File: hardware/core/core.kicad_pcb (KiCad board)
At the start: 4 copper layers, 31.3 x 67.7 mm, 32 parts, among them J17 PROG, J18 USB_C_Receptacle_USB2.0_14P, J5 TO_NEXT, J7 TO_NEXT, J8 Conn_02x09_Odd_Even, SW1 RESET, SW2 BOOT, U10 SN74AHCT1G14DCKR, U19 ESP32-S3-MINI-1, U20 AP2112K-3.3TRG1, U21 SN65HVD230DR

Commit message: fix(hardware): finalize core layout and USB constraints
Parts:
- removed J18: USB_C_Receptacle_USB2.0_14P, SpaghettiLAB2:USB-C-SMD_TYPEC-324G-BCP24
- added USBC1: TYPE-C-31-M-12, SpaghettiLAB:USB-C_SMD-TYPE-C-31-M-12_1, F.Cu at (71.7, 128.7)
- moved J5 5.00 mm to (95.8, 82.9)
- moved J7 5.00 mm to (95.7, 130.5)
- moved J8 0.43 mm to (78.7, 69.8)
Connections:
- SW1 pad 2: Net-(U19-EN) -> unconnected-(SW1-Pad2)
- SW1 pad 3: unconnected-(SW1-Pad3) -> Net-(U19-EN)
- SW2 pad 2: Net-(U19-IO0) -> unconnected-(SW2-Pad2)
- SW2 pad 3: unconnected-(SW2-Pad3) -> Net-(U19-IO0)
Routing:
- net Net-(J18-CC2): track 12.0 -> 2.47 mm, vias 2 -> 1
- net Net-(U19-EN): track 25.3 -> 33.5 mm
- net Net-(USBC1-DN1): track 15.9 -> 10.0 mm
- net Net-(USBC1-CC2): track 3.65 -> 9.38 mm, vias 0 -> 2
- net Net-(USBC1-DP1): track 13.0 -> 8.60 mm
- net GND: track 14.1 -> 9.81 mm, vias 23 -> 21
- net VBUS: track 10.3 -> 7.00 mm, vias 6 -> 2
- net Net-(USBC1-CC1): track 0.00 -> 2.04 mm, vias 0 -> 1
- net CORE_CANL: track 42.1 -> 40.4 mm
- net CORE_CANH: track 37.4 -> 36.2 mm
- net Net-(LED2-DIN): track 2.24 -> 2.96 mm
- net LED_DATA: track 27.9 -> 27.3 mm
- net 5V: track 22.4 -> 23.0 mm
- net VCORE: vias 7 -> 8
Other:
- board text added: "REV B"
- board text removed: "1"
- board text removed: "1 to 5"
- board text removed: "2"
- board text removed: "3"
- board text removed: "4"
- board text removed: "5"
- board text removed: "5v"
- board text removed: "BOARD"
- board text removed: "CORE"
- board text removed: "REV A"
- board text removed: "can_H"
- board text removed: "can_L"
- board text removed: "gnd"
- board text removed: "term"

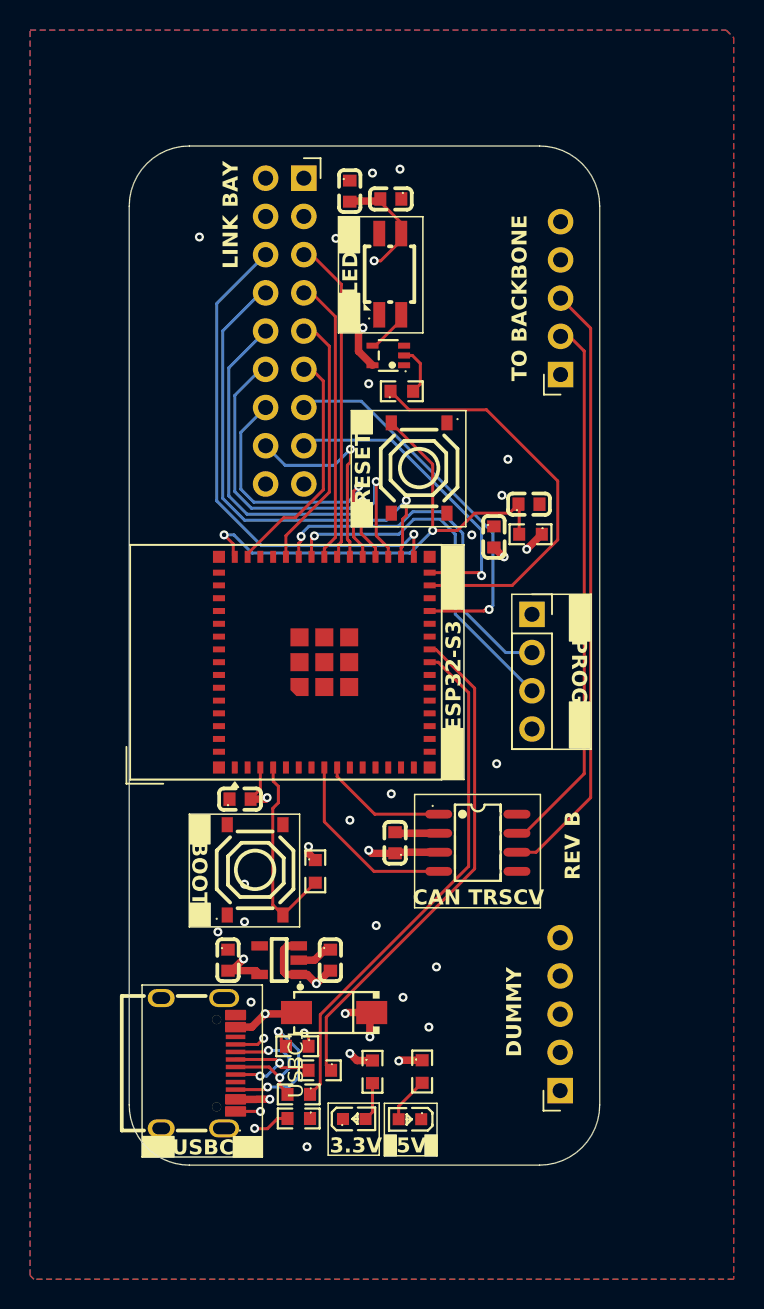
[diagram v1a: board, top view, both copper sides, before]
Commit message: Added oval style silkscreen
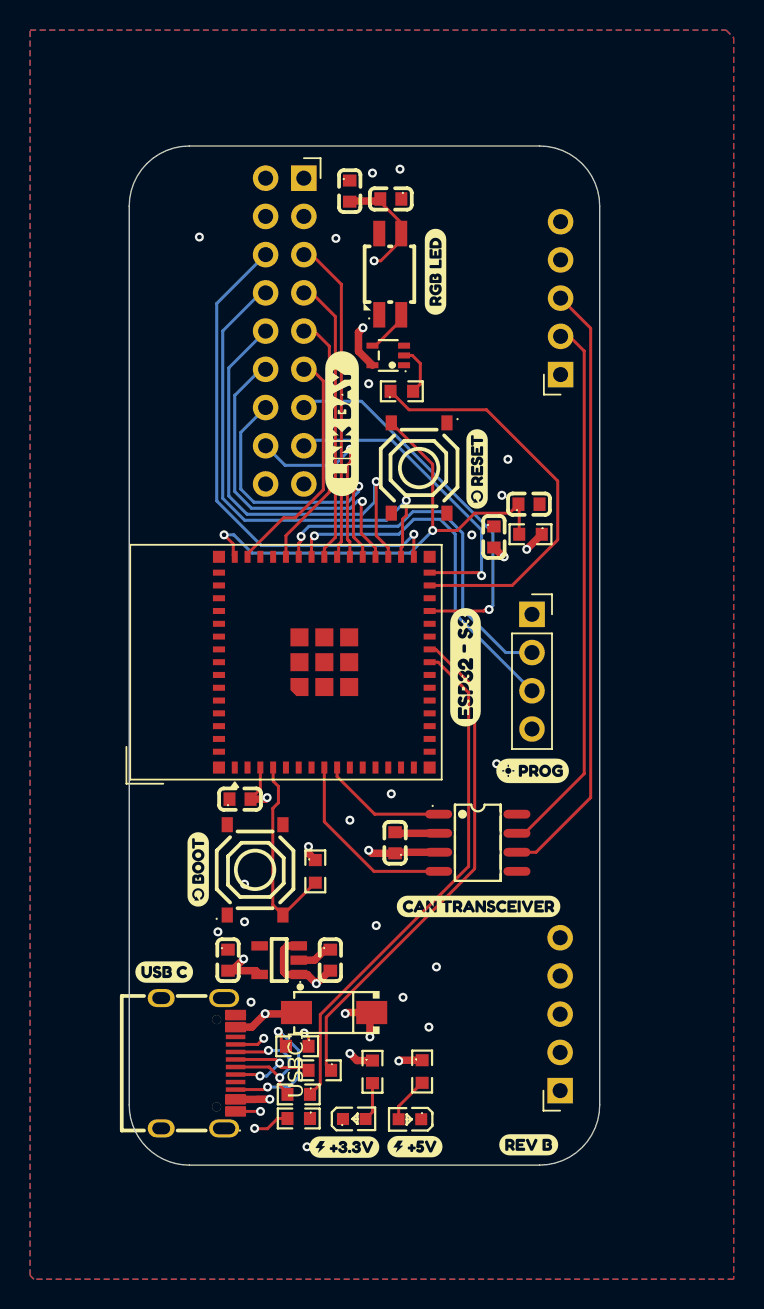
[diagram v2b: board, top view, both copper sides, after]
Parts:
- added kobee-studio-6AA83D3C: Kobee Studio, kobee-studio-6AA83D3C, F.Cu at (81.2, 86.2)
- added kobee-studio-6AA83E19: Kobee Studio, kobee-studio-6AA83D3C, F.Cu at (90.2, 89.2)
- added kobee-studio-6AA83E1F: Kobee Studio, kobee-studio-6AA83D3C, F.Cu at (87.4, 76.1)
- added kobee-studio-6AA83E37: Kobee Studio, kobee-studio-6AA83D3C, F.Cu at (71.7, 115.8)
- added kobee-studio-6AA83E5B: Kobee Studio, kobee-studio-6AA83D3C, F.Cu at (90.3, 118.2)
- added kobee-studio-6AA83E8C: Kobee Studio, kobee-studio-6AA83D3C, F.Cu at (93.6, 134.1)
- added kobee-studio-6AA83EC3: Kobee Studio, kobee-studio-6AA83D3C, F.Cu at (86.1, 134.2)
- added kobee-studio-6AA83ED5: Kobee Studio, kobee-studio-6AA83D3C, F.Cu at (81.4, 134.2)
- added kobee-studio-6AA83EFB: Kobee Studio, kobee-studio-6AA83D3C, F.Cu at (69.4, 122.6)
- added kobee-studio-6AA83FBE: Kobee Studio, kobee-studio-6AA83D3C, F.Cu at (93.9, 109.2)
- added kobee-studio-6AA83FED: Kobee Studio, kobee-studio-6AA83D3C, F.Cu at (89.4, 102.3)
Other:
- board text removed: "3.3V"
- board text removed: "5V"
- board text removed: "BOOT"
- board text removed: "CAN TRSCV"
- board text removed: "DUMMY"
- board text removed: "ESP32-S3"
- board text removed: "LED"
- board text removed: "LINK BAY"
- board text removed: "PROG"
- board text removed: "RESET"
- board text removed: "REV B"
- board text removed: "TO BACKBONE"
- board text removed: "USBC"

§ **YOUR ASSIGNMENT**
Please repeat the entries exactly. Do not include the pictures.

§ **ANSWER SPACE**
File: hardware/core/core.kicad_pcb (KiCad board)
At the start: 4 copper layers, 31.3 x 67.7 mm, 32 parts, among them J17 PROG, J18 USB_C_Receptacle_USB2.0_14P, J5 TO_NEXT, J7 TO_NEXT, J8 Conn_02x09_Odd_Even, SW1 RESET, SW2 BOOT, U10 SN74AHCT1G14DCKR, U19 ESP32-S3-MINI-1, U20 AP2112K-3.3TRG1, U21 SN65HVD230DR

Commit message: fix(hardware): finalize core layout and USB constraints
Parts:
- removed J18: USB_C_Receptacle_USB2.0_14P, SpaghettiLAB2:USB-C-SMD_TYPEC-324G-BCP24
- added USBC1: TYPE-C-31-M-12, SpaghettiLAB:USB-C_SMD-TYPE-C-31-M-12_1, F.Cu at (71.7, 128.7)
- moved J5 5.00 mm to (95.8, 82.9)
- moved J7 5.00 mm to (95.7, 130.5)
- moved J8 0.43 mm to (78.7, 69.8)
Connections:
- SW1 pad 2: Net-(U19-EN) -> unconnected-(SW1-Pad2)
- SW1 pad 3: unconnected-(SW1-Pad3) -> Net-(U19-EN)
- SW2 pad 2: Net-(U19-IO0) -> unconnected-(SW2-Pad2)
- SW2 pad 3: unconnected-(SW2-Pad3) -> Net-(U19-IO0)
Routing:
- net Net-(J18-CC2): track 12.0 -> 2.47 mm, vias 2 -> 1
- net Net-(U19-EN): track 25.3 -> 33.5 mm
- net Net-(USBC1-DN1): track 15.9 -> 10.0 mm
- net Net-(USBC1-CC2): track 3.65 -> 9.38 mm, vias 0 -> 2
- net Net-(USBC1-DP1): track 13.0 -> 8.60 mm
- net GND: track 14.1 -> 9.81 mm, vias 23 -> 21
- net VBUS: track 10.3 -> 7.00 mm, vias 6 -> 2
- net Net-(USBC1-CC1): track 0.00 -> 2.04 mm, vias 0 -> 1
- net CORE_CANL: track 42.1 -> 40.4 mm
- net CORE_CANH: track 37.4 -> 36.2 mm
- net Net-(LED2-DIN): track 2.24 -> 2.96 mm
- net LED_DATA: track 27.9 -> 27.3 mm
- net 5V: track 22.4 -> 23.0 mm
- net VCORE: vias 7 -> 8
Other:
- board text added: "REV B"
- board text removed: "1"
- board text removed: "1 to 5"
- board text removed: "2"
- board text removed: "3"
- board text removed: "4"
- board text removed: "5"
- board text removed: "5v"
- board text removed: "BOARD"
- board text removed: "CORE"
- board text removed: "REV A"
- board text removed: "can_H"
- board text removed: "can_L"
- board text removed: "gnd"
- board text removed: "term"

[diagram v1a: board, top view, both copper sides, before]
Commit message: Added oval style silkscreen
[diagram v2b: board, top view, both copper sides, after]
Parts:
- added kobee-studio-6AA83D3C: Kobee Studio, kobee-studio-6AA83D3C, F.Cu at (81.2, 86.2)
- added kobee-studio-6AA83E19: Kobee Studio, kobee-studio-6AA83D3C, F.Cu at (90.2, 89.2)
- added kobee-studio-6AA83E1F: Kobee Studio, kobee-studio-6AA83D3C, F.Cu at (87.4, 76.1)
- added kobee-studio-6AA83E37: Kobee Studio, kobee-studio-6AA83D3C, F.Cu at (71.7, 115.8)
- added kobee-studio-6AA83E5B: Kobee Studio, kobee-studio-6AA83D3C, F.Cu at (90.3, 118.2)
- added kobee-studio-6AA83E8C: Kobee Studio, kobee-studio-6AA83D3C, F.Cu at (93.6, 134.1)
- added kobee-studio-6AA83EC3: Kobee Studio, kobee-studio-6AA83D3C, F.Cu at (86.1, 134.2)
- added kobee-studio-6AA83ED5: Kobee Studio, kobee-studio-6AA83D3C, F.Cu at (81.4, 134.2)
- added kobee-studio-6AA83EFB: Kobee Studio, kobee-studio-6AA83D3C, F.Cu at (69.4, 122.6)
- added kobee-studio-6AA83FBE: Kobee Studio, kobee-studio-6AA83D3C, F.Cu at (93.9, 109.2)
- added kobee-studio-6AA83FED: Kobee Studio, kobee-studio-6AA83D3C, F.Cu at (89.4, 102.3)
Other:
- board text removed: "3.3V"
- board text removed: "5V"
- board text removed: "BOOT"
- board text removed: "CAN TRSCV"
- board text removed: "DUMMY"
- board text removed: "ESP32-S3"
- board text removed: "LED"
- board text removed: "LINK BAY"
- board text removed: "PROG"
- board text removed: "RESET"
- board text removed: "REV B"
- board text removed: "TO BACKBONE"
- board text removed: "USBC"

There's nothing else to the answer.